(INPUT begins)

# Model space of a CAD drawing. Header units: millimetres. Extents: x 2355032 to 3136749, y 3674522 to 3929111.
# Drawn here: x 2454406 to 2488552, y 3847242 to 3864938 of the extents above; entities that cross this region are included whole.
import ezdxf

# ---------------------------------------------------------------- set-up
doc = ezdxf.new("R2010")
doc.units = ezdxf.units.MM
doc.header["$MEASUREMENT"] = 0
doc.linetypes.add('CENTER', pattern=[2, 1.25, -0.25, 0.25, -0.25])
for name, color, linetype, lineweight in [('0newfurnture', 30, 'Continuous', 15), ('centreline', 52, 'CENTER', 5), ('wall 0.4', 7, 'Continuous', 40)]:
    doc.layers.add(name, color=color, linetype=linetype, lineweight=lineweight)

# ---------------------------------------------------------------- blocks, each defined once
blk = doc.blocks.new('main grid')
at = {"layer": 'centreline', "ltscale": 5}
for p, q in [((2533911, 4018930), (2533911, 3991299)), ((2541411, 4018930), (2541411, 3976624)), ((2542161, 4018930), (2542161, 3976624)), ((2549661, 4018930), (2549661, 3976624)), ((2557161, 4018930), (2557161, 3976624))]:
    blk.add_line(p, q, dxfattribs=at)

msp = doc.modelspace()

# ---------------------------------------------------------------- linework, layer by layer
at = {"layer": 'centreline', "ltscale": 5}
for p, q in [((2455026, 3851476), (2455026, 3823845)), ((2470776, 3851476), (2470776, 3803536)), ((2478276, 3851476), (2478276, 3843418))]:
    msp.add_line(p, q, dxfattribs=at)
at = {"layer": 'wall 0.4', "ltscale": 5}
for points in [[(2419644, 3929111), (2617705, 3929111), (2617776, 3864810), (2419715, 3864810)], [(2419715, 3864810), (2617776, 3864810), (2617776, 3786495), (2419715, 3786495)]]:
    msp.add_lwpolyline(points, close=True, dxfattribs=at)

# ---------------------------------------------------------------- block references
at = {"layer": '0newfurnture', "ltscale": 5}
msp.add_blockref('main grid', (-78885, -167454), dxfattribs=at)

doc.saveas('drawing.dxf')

(INPUT ends)

Set down all of the lines above without altering a word.

# Model space of a CAD drawing. Header units: millimetres. Extents: x 2355032 to 3136749, y 3674522 to 3929111.
# Drawn here: x 2454406 to 2488552, y 3847242 to 3864938 of the extents above; entities that cross this region are included whole.
import ezdxf

# ---------------------------------------------------------------- set-up
doc = ezdxf.new("R2010")
doc.units = ezdxf.units.MM
doc.header["$MEASUREMENT"] = 0
doc.linetypes.add('CENTER', pattern=[2, 1.25, -0.25, 0.25, -0.25])
for name, color, linetype, lineweight in [('0newfurnture', 30, 'Continuous', 15), ('centreline', 52, 'CENTER', 5), ('wall 0.4', 7, 'Continuous', 40)]:
    doc.layers.add(name, color=color, linetype=linetype, lineweight=lineweight)

# ---------------------------------------------------------------- blocks, each defined once
blk = doc.blocks.new('main grid')
at = {"layer": 'centreline', "ltscale": 5}
for p, q in [((2533911, 4018930), (2533911, 3991299)), ((2541411, 4018930), (2541411, 3976624)), ((2542161, 4018930), (2542161, 3976624)), ((2549661, 4018930), (2549661, 3976624)), ((2557161, 4018930), (2557161, 3976624))]:
    blk.add_line(p, q, dxfattribs=at)

msp = doc.modelspace()

# ---------------------------------------------------------------- linework, layer by layer
at = {"layer": 'centreline', "ltscale": 5}
for p, q in [((2455026, 3851476), (2455026, 3823845)), ((2470776, 3851476), (2470776, 3803536)), ((2478276, 3851476), (2478276, 3843418))]:
    msp.add_line(p, q, dxfattribs=at)
at = {"layer": 'wall 0.4', "ltscale": 5}
for points in [[(2419644, 3929111), (2617705, 3929111), (2617776, 3864810), (2419715, 3864810)], [(2419715, 3864810), (2617776, 3864810), (2617776, 3786495), (2419715, 3786495)]]:
    msp.add_lwpolyline(points, close=True, dxfattribs=at)

# ---------------------------------------------------------------- block references
at = {"layer": '0newfurnture', "ltscale": 5}
msp.add_blockref('main grid', (-78885, -167454), dxfattribs=at)

doc.saveas('drawing.dxf')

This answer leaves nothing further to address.